Jak zwykle rzetelna i drobiazgowa recenzja .A ilustracja ? Magia! Te skrzydła opalizujące : no cudo. A co do problemu językowego to jak wróżka, to ten wróżek chyba najlepiej :)
Cuudne!!Twoje prace Seba mają zawsze cos tak meega fajnego co mi sie baaardzo podoba,uwielbiam Cie słuchać i patrzec jak tworzysz;)pozdrawiam i ściskam mocno!!

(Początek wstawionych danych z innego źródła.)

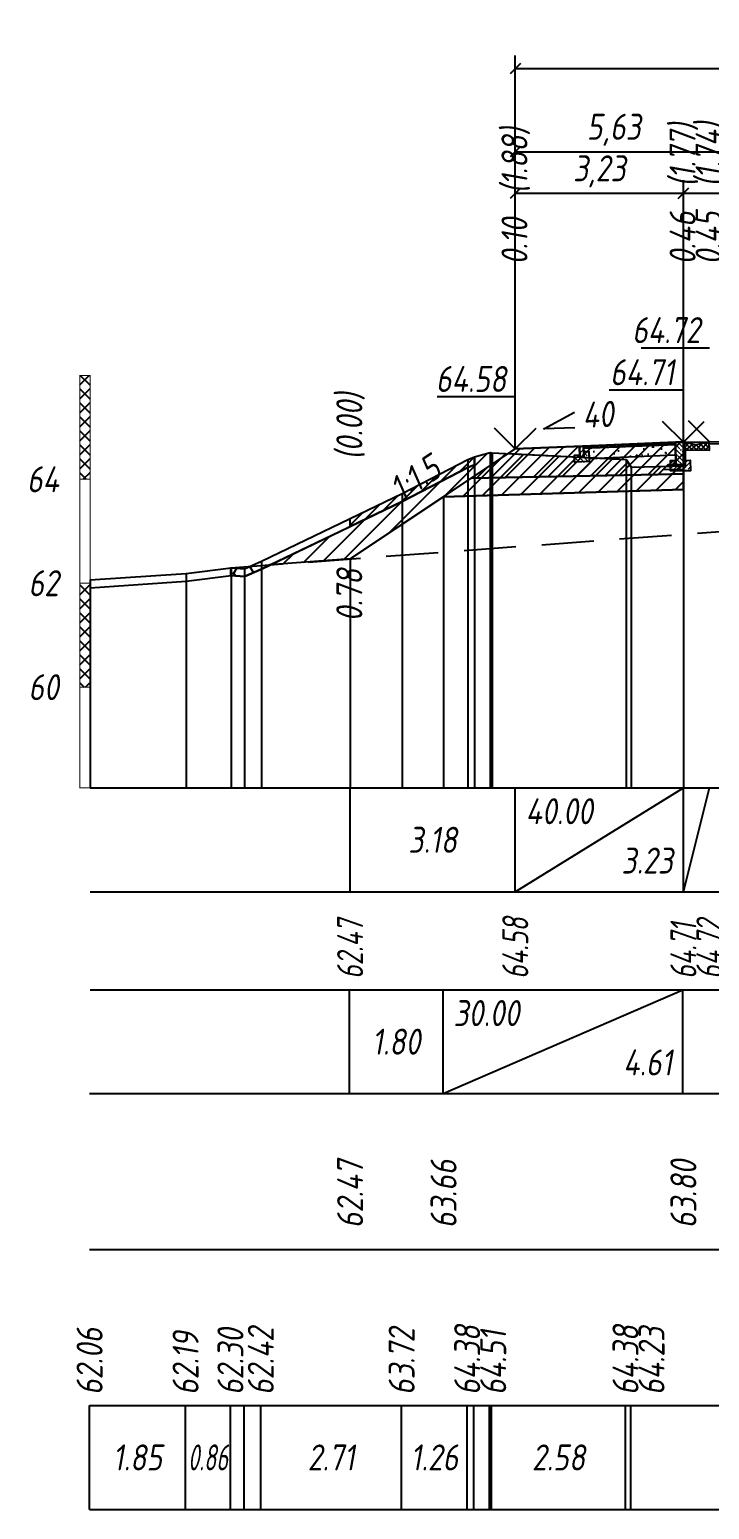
# Model space of a CAD drawing. Extents: x -717 to 1451, y -133302 to 233.
# Drawn here: x -417.2 to -351.8, y -126495.3 to -126352.9 of the extents above; entities that cross this region are included whole.
import ezdxf
from ezdxf.enums import TextEntityAlignment as Align

# ---------------------------------------------------------------- set-up
doc = ezdxf.new("R2010")
doc.units = 0
doc.linetypes.add('штриховая', pattern=[0.75, 0.5, -0.25])
for name, color, linetype in [('Интерполированный поперечник', 2, 'Continuous'), ('КОД_399', 252, 'Continuous'), ('Код_510', 7, 'Continuous'), ('Код_514', 1, 'Continuous'), ('Код_516', 1, 'Continuous'), ('Контур_0', 7, 'Continuous'), ('Контур_2521', 7, 'Continuous'), ('Контур_2564', 7, 'Continuous'), ('Контур_2660', 7, 'Continuous'), ('Контур_2665', 7, 'Continuous'), ('Контур_400', 7, 'Continuous'), ('Контур_508', 7, 'Continuous'), ('Контур_512', 7, 'Continuous'), ('Контур_513', 7, 'Continuous'), ('Контур_818', 7, 'Continuous'), ('Красный поперечник', 1, 'Continuous'), ('Линейка абсолютных высот', 7, 'Continuous'), ('Объём_2501', 7, 'Continuous'), ('Объём_2564', 7, 'Continuous'), ('Объём_2650', 7, 'Continuous'), ('Объём_2660', 7, 'Continuous'), ('Объём_2661', 7, 'Continuous'), ('Объём_2665', 7, 'Continuous'), ('Объём_2666', 7, 'Continuous'), ('Объём_2667', 7, 'Continuous'), ('Объём_2668', 7, 'Continuous'), ('Объём_2669', 7, 'Continuous'), ('Объём_2675', 7, 'Continuous'), ('Откосы', 7, 'Continuous'), ('Отметки покрытия', 7, 'Continuous'), ('Рабочие отметки', 7, 'Continuous'), ('Рабочие отметки доп.', 7, 'Continuous'), ('Слои выравнивания', 7, 'Continuous'), ('Таблица', 7, 'Continuous'), ('Уклоны проезжей части', 7, 'Continuous'), ('Черный поперечник', 3, 'Continuous')]:
    doc.layers.add(name, color=color, linetype=linetype)
for name, color, linetype, true_color in [('Контур_2540', 2, 'Continuous', 0xffff00), ('Контур_2560', 2, 'Continuous', 0xffff00), ('Контур_2561', 7, 'Continuous', 0xff8040), ('Контур_2562', 3, 'Continuous', 0x00ff00), ('Контур_2563', 7, 'Continuous', 0xff8000), ('Контур_2570', 7, 'Continuous', 0x80ff00), ('Контур_2736', 4, 'Continuous', 0x00ffff), ('Контур_2737', 4, 'Continuous', 0x00ffff), ('Контур_2738', 4, 'Continuous', 0x00ffff), ('Контур_2739', 4, 'Continuous', 0x00ffff), ('Контур_2741', 4, 'Continuous', 0x00ffff), ('Контур_2742', 4, 'Continuous', 0x00ffff), ('Контур_2743', 4, 'Continuous', 0x00ffff), ('Контур_2744', 7, 'Continuous', 0xa4ffff), ('Контур_2745', 7, 'Continuous', 0xa4ffff), ('Контур_2747', 4, 'Continuous', 0x00ffff), ('Контур_2748', 4, 'Continuous', 0x00ffff), ('Контур_2749', 4, 'Continuous', 0x00ffff), ('Контур_2750', 4, 'Continuous', 0x00ffff), ('Контур_2751', 4, 'Continuous', 0x00ffff), ('Контур_2752', 4, 'Continuous', 0x00ffff), ('Контур_2760', 7, 'Continuous', 0x323232), ('Контур_402', 7, 'Continuous', 0xff6464), ('Контур_703', 4, 'Continuous', 0x00ffff), ('Контур_705', 4, 'Continuous', 0x00ffff), ('Контур_707', 4, 'Continuous', 0x00ffff), ('Контур_720', 131, 'Continuous', 0xaaffff), ('Объём_2520', 7, 'Continuous', 0x80ffff), ('Объём_2540', 2, 'Continuous', 0xffff00), ('Объём_2560', 2, 'Continuous', 0xffff00), ('Объём_2561', 7, 'Continuous', 0xff8040), ('Объём_2562', 3, 'Continuous', 0x00ff00), ('Объём_2563', 7, 'Continuous', 0xff8000), ('Объём_2570', 7, 'Continuous', 0x80ff00), ('Объём_2600', 7, 'Continuous', 0x808000), ('Объём_2746', 2, 'Continuous', 0xffff00)]:
    doc.layers.add(name, color=color, linetype=linetype, true_color=true_color)
doc.styles.get("Standard").update_dxf_attribs({"font": 'txt', "height": 2.5})
doc.styles.add('М', font='romand.shx', dxfattribs={"width": 0.8, "oblique": 10, "height": 2.5})
doc.dimstyles.new('ISO-25', dxfattribs={"dimtxt": 2.5, "dimasz": 2.5, "dimexe": 1.25, "dimexo": 0.625, "dimtad": 1, "dimtxsty": 'Standard', "dimcen": 2.5, "dimadec": 0, "dimazin": 0, "dimtfac": 1, "dimtmove": 0, "dimatfit": 3, "dimfxl": 1, "dimarcsym": 0})
pattern_1 = [(45.00000125, (-491.3381, 18.1192), (-0.6735192404, 0.673519211), []), (135.0000003, (-491.3381, 18.1192), (-0.673519222, -0.67351923), [])]

# ---------------------------------------------------------------- blocks, each defined once
blk = doc.blocks.new('_Oblique')
at = {"color": 0, "linetype": 'ByBlock', "lineweight": -2}
blk.add_line((-0.5, -0.5), (0.5, 0.5), dxfattribs=at)
blk = doc.blocks.new('*D2673')
at = {"color": 0, "lineweight": -2, "transparency": 16777216}
for p, q in [((-370.46, -126392.71), (-370.46, -126367.43)), ((-354.29, -126392.06), (-354.29, -126367.43)), ((-370.46, -126368.68), (-354.29, -126368.68))]:
    blk.add_line(p, q, dxfattribs=at)
at = {"layer": 'Defpoints', "color": 0, "transparency": 16777216}
for p in [(-354.29, -126368.68), (-354.29, -126392.69), (-370.46, -126393.34)]:
    blk.add_point(p, dxfattribs=at)
at = {"color": 0, "lineweight": -2, "transparency": 16777216, "rotation": 180}
blk.add_blockref('_Oblique', (-370.46, -126368.68), dxfattribs=at)
at = {"color": 0, "lineweight": -2, "transparency": 16777216}
blk.add_blockref('_Oblique', (-354.29, -126368.68), dxfattribs=at)
at = {"color": 0, "transparency": 16777216, "insert": (-362.37, -126366.57), "char_height": 2.5, "width": 10, "attachment_point": 5, "style": 'М'}
blk.add_mtext('3,23', dxfattribs=at)
blk = doc.blocks.new('*D2675')
at = {"color": 0, "lineweight": -2, "transparency": 16777216}
for p, q in [((-354.29, -126392.06), (-354.29, -126367.43)), ((-342.29, -126391.82), (-342.29, -126367.43)), ((-354.29, -126368.68), (-342.29, -126368.68)), ((-342.29, -126368.68), (-330.84, -126368.68))]:
    blk.add_line(p, q, dxfattribs=at)
at = {"layer": 'Defpoints', "color": 0, "transparency": 16777216}
for p in [(-342.29, -126368.68), (-354.29, -126392.69), (-342.29, -126392.45)]:
    blk.add_point(p, dxfattribs=at)
at = {"color": 0, "lineweight": -2, "transparency": 16777216, "rotation": 180}
blk.add_blockref('_Oblique', (-354.29, -126368.68), dxfattribs=at)
at = {"color": 0, "lineweight": -2, "transparency": 16777216}
blk.add_blockref('_Oblique', (-342.29, -126368.68), dxfattribs=at)
at = {"color": 0, "transparency": 16777216, "insert": (-334.69, -126366.57), "char_height": 2.5, "width": 9.5833, "attachment_point": 5, "style": 'М'}
blk.add_mtext('2,40', dxfattribs=at)
blk = doc.blocks.new('*D2678')
at = {"color": 0, "lineweight": -2, "transparency": 16777216}
for p, q in [((-370.46, -126392.71), (-370.46, -126363.43)), ((-342.29, -126391.82), (-342.29, -126363.43)), ((-370.46, -126364.68), (-342.29, -126364.68))]:
    blk.add_line(p, q, dxfattribs=at)
at = {"layer": 'Defpoints', "color": 0, "transparency": 16777216}
for p in [(-342.29, -126364.68), (-342.29, -126392.45), (-370.46, -126393.34)]:
    blk.add_point(p, dxfattribs=at)
at = {"color": 0, "lineweight": -2, "transparency": 16777216, "rotation": 180}
blk.add_blockref('_Oblique', (-370.46, -126364.68), dxfattribs=at)
at = {"color": 0, "lineweight": -2, "transparency": 16777216}
blk.add_blockref('_Oblique', (-342.29, -126364.68), dxfattribs=at)
at = {"color": 0, "transparency": 16777216, "insert": (-360.98, -126362.57), "char_height": 2.5, "width": 10, "attachment_point": 5, "style": 'М'}
blk.add_mtext('5,63', dxfattribs=at)
blk = doc.blocks.new('*D2679')
at = {"color": 0, "lineweight": -2, "transparency": 16777216}
for p, q in [((-370.46, -126392.71), (-370.46, -126355.43)), ((-238.79, -126392.5), (-238.79, -126355.43)), ((-370.46, -126356.68), (-238.79, -126356.68))]:
    blk.add_line(p, q, dxfattribs=at)
at = {"layer": 'Defpoints', "color": 0, "transparency": 16777216}
for p in [(-238.79, -126356.68), (-370.46, -126393.34), (-238.79, -126393.13)]:
    blk.add_point(p, dxfattribs=at)
at = {"color": 0, "lineweight": -2, "transparency": 16777216, "rotation": 180}
blk.add_blockref('_Oblique', (-370.46, -126356.68), dxfattribs=at)
at = {"color": 0, "lineweight": -2, "transparency": 16777216}
blk.add_blockref('_Oblique', (-238.79, -126356.68), dxfattribs=at)
at = {"color": 0, "transparency": 16777216, "insert": (-304.62, -126354.57), "char_height": 2.5, "width": 12.5, "attachment_point": 5, "style": 'М'}
blk.add_mtext('26,33', dxfattribs=at)
blk = doc.blocks.new('Тротуар1')
at = {"linetype": 'Continuous', "lineweight": 13}
h = blk.add_hatch(dxfattribs=at)
h.set_pattern_fill('ANSI35', scale=5, angle=90)
h.set_pattern_definition([(135, (-1541.6927, -4801.9416), (-0.88388348, -0.88388348), []), (135, (-1541.6927, -4801.0577), (-0.88388348, -0.88388348), [1.5625, -0.3125, 0, -0.3125])])
h.paths.add_polyline_path([(-16.72, -1.24), (-17.72, -1.24), (-17.72, -2.24), (-18.52, -2.24), (-18.52, -1.85), (-19.52, -1.89), (-19.52, -3.24), (-16.72, -3.24)])
h = blk.add_hatch(dxfattribs=at)
h.set_pattern_fill('ANSI35', scale=5)
h.set_pattern_definition([(45, (-1541.6927, -4800.4416), (-0.88388348, 0.88388348), []), (45, (-1540.8088, -4800.4416), (-0.88388348, 0.88388348), [1.5625, -0.3125, 0, -0.3125])])
h.paths.add_polyline_path([(-17.72, -0.24), (-18.52, -0.24), (-18.52, -2.24), (-17.72, -2.24)])
at = {"linetype": 'Continuous'}
h = blk.add_hatch(dxfattribs=at)
h.set_pattern_fill('ANSI31', color=256, scale=15, angle=45, style=0)
h.set_pattern_definition([(90, (-1932.1888, -4954.235), (-1.875, 3e-16), [])])
h.paths.add_polyline_path([(0, 0), (-17.72, -0.24), (-17.71, -0.63), (-11.04, -0.58), (0, -0.4)])
at = {"layer": 'КОД_399'}
h = blk.add_hatch(dxfattribs=at)
h.set_pattern_fill('AR-CONC', scale=0.7, angle=45, style=0)
h.set_pattern_definition([(95, (-1932.189, -4954.235), (3.860864, 3.2396496), [0.525, -5.775]), (40, (-1932.189, -4954.235), (-4.409945, 3.036377), [0.42, -4.62]), (145.45144, (-1931.867, -4953.965), (-0.549081, 6.2760265), [0.4461813, -4.907995]), (91.1842, (-1933.179, -4953.245), (6.101854, 4.4632964), [0.7875, -8.6625]), (141.63564, (-1932.67, -4952.873), (-0.1953, 9.447982), [0.669272, -7.361996]), (36.18416, (-1933.179, -4953.245), (-0.1953, 9.447982), [0.63, -6.93]), (66, (-1932.4363, -4952.9975), (4.947401, 0.9616773), [0.525, -5.775]), (11, (-1932.4363, -4952.9975), (-2.38496, 4.793659), [0.42, -4.62]), (116.45144, (-1932.024, -4952.9174), (2.562441, 5.7553363), [0.4461813, -4.907995]), (82.5, (-1932.1888, -4954.235), (-1.5875523, 1.7079287), [0, -4.564, 0, -4.69, 0, -4.6375]), (52.5, (-1932.1888, -4954.235), (-0.6501106, 3.2543661), [0, -2.674, 0, -4.459, 0, -1.7675]), (12.5, (-1933.2926, -4955.3388), (2.7539272, 2.5306453), [0, -1.75, 0, -5.46, 0, -7.245]), (2.5, (-1933.7876, -4955.8337), (2.3911299, 3.3821186), [0, -2.275, 0, -3.626, 0, -5.145])])
h.paths.add_polyline_path([(0, -0.4), (-17.71, -0.63), (-17.72, -1.24), (-16.71, -1.24), (-16.72, -2.62), (-0.07, -2.41)])
at = {"linetype": 'Continuous'}
blk.add_lwpolyline([(-17.72, -1.24), (-16.72, -1.24), (-16.72, -3.24), (-19.52, -3.24), (-19.52, -1.89), (-18.52, -1.85)], dxfattribs=at)
at = {"color": 7, "lineweight": 30}
for points in [[(-18.52, -0.24), (-18.52, -2.24), (-17.72, -2.24), (-17.72, -0.24), (-18.52, -0.24)], [(-8.6, -0.53), (0, -0.4)]]:
    blk.add_lwpolyline(points, dxfattribs=at)
for points in [[(0, 0), (-17.72, -0.24), (-17.72, -0.63), (0, -0.4)], [(0, -0.4), (-17.71, -0.63), (-17.72, -1.24), (-16.71, -1.24), (-16.72, -2.62), (-0.07, -2.39)]]:
    blk.add_lwpolyline(points, close=True)
blk = doc.blocks.new('БР100.30.18')
at = {"linetype": 'Continuous', "lineweight": 13}
h = blk.add_hatch(dxfattribs=at)
h.set_pattern_fill('ANSI35', scale=5)
h.set_pattern_definition([(45, (-1504.996, -4799.2297), (-0.88388348, 0.88388348), []), (45, (-1504.1121, -4799.2297), (-0.88388348, 0.88388348), [1.5625, -0.3125, 0, -0.3125])])
h.paths.add_polyline_path([(0.3, 3.47), (1.8, 3.47), (1.8, -1.03), (0, -1.03), (0, 1.97)])
h = blk.add_hatch(dxfattribs=at)
h.set_pattern_fill('ANSI35', scale=5, angle=90)
h.set_pattern_definition([(135, (-1504.996, -4800.7297), (-0.88388348, -0.88388348), []), (135, (-1504.996, -4799.8458), (-0.88388348, -0.88388348), [1.5625, -0.3125, 0, -0.3125])])
h.paths.add_polyline_path([(-1, -0.03), (0, -0.03), (0, -1.03), (1.8, -1.03), (1.8, -0.03), (2.8, -0.03), (2.8, -2.03), (-1, -2.03)])
at = {"color": 7, "lineweight": 30}
blk.add_lwpolyline([(1.8, -1.03), (0, -1.03), (0, 1.97), (0.3, 3.47), (1.8, 3.47)], close=True, dxfattribs=at)
at = {"linetype": 'Continuous'}
blk.add_lwpolyline([(0, -0.03), (-1, -0.03), (-1, -2.03), (2.8, -2.03), (2.8, -0.03), (1.8, -0.03)], dxfattribs=at)

msp = doc.modelspace()

# ---------------------------------------------------------------- hatches: boundary and pattern name
h = msp.add_hatch()
h.set_pattern_fill('ANSI37', color=256, scale=0.1)
h.set_pattern_definition([(45, (-353.04846, -126392.87724), (-0.22451, 0.22451), []), (135, (-353.04846, -126392.87724), (-0.22451, -0.22451), [])])
h.paths.add_polyline_path([(-354.298, -126392.627), (-354.136, -126393.376), (-351.793, -126393.38), (-351.798, -126392.577), (-353.048, -126392.877)])
at = {"layer": 'Линейка абсолютных высот'}
h = msp.add_hatch(dxfattribs=at)
h.set_pattern_fill('ANSI37', scale=0.3, style=0)
h.set_pattern_definition(pattern_1)
h.paths.add_polyline_path([(-411.338, -126396.196), (-411.338, -126386.196), (-412.338, -126386.196), (-412.338, -126396.196)])
h = msp.add_hatch(dxfattribs=at)
h.set_pattern_fill('ANSI37', scale=0.3, style=0)
h.set_pattern_definition(pattern_1)
h.paths.add_polyline_path([(-411.338, -126416.196), (-411.338, -126406.196), (-412.338, -126406.196), (-412.338, -126416.196)])
at = {"layer": 'Объём_2563'}
h = msp.add_hatch(dxfattribs=at)
h.set_pattern_fill('ANSI31', color=256, scale=0.3)
h.set_pattern_definition([(45, (-491.3381, 18.1192), (-0.673519209, 0.673519209), [])])
h.paths.add_polyline_path([(-370.456, -126393.274), (-354.289, -126392.627), (-354.289, -126394.777), (-355.789, -126394.807), (-356.708, -126395.725), (-374.673, -126396.085)])
at = {"layer": 'Объём_2570'}
h = msp.add_hatch(dxfattribs=at)
h.set_pattern_fill('ANSI31', color=256, scale=0.2)
h.set_pattern_definition([(45, (-491.3381, 18.1192), (-0.449012806, 0.449012806), [])])
h.paths.add_polyline_path([(-374.378, -126394.796), (-375.024, -126395.052), (-381.329, -126398.323), (-386.338, -126400.73), (-386.338, -126399.98), (-381.329, -126397.573), (-375.024, -126394.302), (-374.378, -126394.046)])
at = {"layer": 'Объём_2600'}
h = msp.add_hatch(dxfattribs=at)
h.set_pattern_fill('ANSI31', color=6, scale=0.4)
h.set_pattern_definition([(45, (-491.3381, 18.1192), (-0.898025612, 0.898025612), [])])
h.paths.add_polyline_path([(-372.879, -126393.633), (-372.731, -126393.645), (-372.676, -126393.64), (-359.801, -126394.286), (-359.301, -126395.036), (-354.289, -126394.911), (-354.289, -126397.18), (-377.353, -126397.871), (-386.338, -126403.862), (-394.051, -126404.436), (-381.329, -126398.323), (-375.024, -126395.052), (-374.378, -126394.796), (-374.378, -126394.046)])
h = msp.add_hatch(dxfattribs=at)
h.set_pattern_fill('HONEY', color=5, scale=0.3)
h.set_pattern_definition([(0, (-491.3381, 18.1192), (1.42875, 0.8248891935), [0.9525, -1.905]), (120, (-491.3381, 18.1192), (-1.428749997, 0.824889199), [0.9525, -1.905]), (60, (-491.3381, 18.1192), (3e-09, 1.6497783924), [-1.905, 0.9525])])
h.paths.add_polyline_path([(-394.872, -126404.831), (-396.482, -126405.564), (-397.791, -126405.459), (-397.821, -126405.463), (-397.821, -126404.717), (-394.051, -126404.436)])

# ---------------------------------------------------------------- linework, layer by layer
msp.add_lwpolyline([(-354.298, -126392.627), (-354.136, -126393.376), (-351.793, -126393.38), (-351.798, -126392.577), (-353.048, -126392.877), (-354.298, -126392.627)])
at = {"layer": 'Интерполированный поперечник', "linetype": 'штриховая', "ltscale": 10, "flags": 128}
msp.add_lwpolyline([(-397.821, -126404.717), (-227.805, -126392.049)], dxfattribs=at)
at = {"layer": 'Код_510'}
for p, q in [((-411.392, -126495.302), (-411.392, -126485.302)), ((-402.161, -126495.302), (-402.161, -126485.302)), ((-397.846, -126495.302), (-397.846, -126485.302)), ((-396.536, -126495.302), (-396.536, -126485.302)), ((-394.926, -126495.302), (-394.926, -126485.302)), ((-381.384, -126495.302), (-381.384, -126485.302)), ((-375.078, -126495.302), (-375.078, -126485.302)), ((-374.432, -126495.302), (-374.432, -126485.302)), ((-372.933, -126495.302), (-372.933, -126485.302)), ((-372.786, -126495.302), (-372.786, -126485.302)), ((-372.731, -126495.302), (-372.731, -126485.302)), ((-359.855, -126495.302), (-359.855, -126485.302)), ((-359.355, -126495.302), (-359.355, -126485.302))]:
    msp.add_line(p, q, dxfattribs=at)
at = {"layer": 'Код_514'}
for p, q in [((-386.338, -126435.881), (-386.338, -126425.881)), ((-370.456, -126435.881), (-370.456, -126425.881)), ((-370.456, -126435.881), (-354.289, -126425.881)), ((-354.289, -126435.881), (-354.289, -126425.881)), ((-354.289, -126435.881), (-351.789, -126425.881))]:
    msp.add_line(p, q, dxfattribs=at)
at = {"layer": 'Код_516'}
for p, q in [((-386.392, -126455.302), (-386.392, -126445.302)), ((-377.407, -126455.302), (-377.407, -126445.302)), ((-377.407, -126455.302), (-354.344, -126445.302)), ((-354.344, -126455.302), (-354.344, -126445.302))]:
    msp.add_line(p, q, dxfattribs=at)
at = {"layer": 'Контур_0', "flags": 128}
for points in [[(-370.456, -126393.274), (-386.338, -126403.862), (-386.338, -126403.862), (-386.338, -126403.862), (-386.338, -126403.862), (-386.338, -126403.862), (-386.338, -126403.862), (-386.338, -126403.862), (-386.338, -126403.862), (-386.338, -126403.862), (-386.338, -126403.862), (-386.338, -126403.862), (-386.338, -126403.862), (-386.338, -126403.862), (-386.338, -126403.862), (-386.338, -126403.862)], [(-370.456, -126393.274), (-386.338, -126403.862), (-386.338, -126403.862), (-386.338, -126403.862), (-386.338, -126403.862), (-386.338, -126403.862), (-386.338, -126403.862), (-386.338, -126403.862), (-386.338, -126403.862), (-386.338, -126403.862), (-386.338, -126403.862), (-386.338, -126403.862), (-386.338, -126403.862), (-386.338, -126403.862), (-386.338, -126403.862), (-386.338, -126403.862), (-386.338, -126403.862), (-386.338, -126403.862), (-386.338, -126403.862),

Fajny wróż. Nigdy nie lubiłam malować akwarelami, wolę akryle lub gwasze. Ale nigdy nie używam opakowania jako palety. Za to używałam w tym celu najtańszej ramki z Pepco, a właściwie szkła.
Rysunek prześliczny. Ciekawy ten papier z Derwent muszę się mu przyjrzeć. Te akwarele są w drodze do mnie. Lubie tą technikę i to jakie efekty można osiągnąć. Szkic wykonuje czarnym ołówkiem, pasuje mi ten zarys który jest po zmazaniu nadmiaru grafitu, szczególnie przy portretach. Z Derwent do technik mokrych mam Inktensy, metaliczne kolory i ten grafit w kostkach. Nie używam ich ostatnio bo wolę zwykłe akwarele. A teraz mam fazę na akwarele granulujące, mam do testów te z Białych Nocy, z Gansai Tambi i czekam aż będą dostępne te z Holbein. A i jeszcze czekają Boko Undo E sumi. Tylko czasu brak. 😢
O super, że Ci pasuje taki mocny szkic. Fajne jest to, że każdy z nas ma inny styl i inne upodobania. 😊 A ja Ci powiem, że mnie szał na te granulujące akwarele jakoś ominął, no niby fajne, ale… mnie nie przekonują. Bo i do czego miałbym tego użyć? Wolę je zostawić komuś kto bardziej je wykorzysta 🫣🙂
@@SebastianRysuje na ten szkic jak nakładam trochę więcej warstw to przestaje on się wybijać, tam gdzie wiem że ma być delikatny efekt to ścieram trochę bardziej grafit, ale przy portretach to mi się podoba bo podkreśla rysy twarzy. Może mi po jakimś czasie minie faza na te granulujące akwarele. Ale Gansai Tambi uwielbiam za to że każdym razem można uzyskać inny efekt.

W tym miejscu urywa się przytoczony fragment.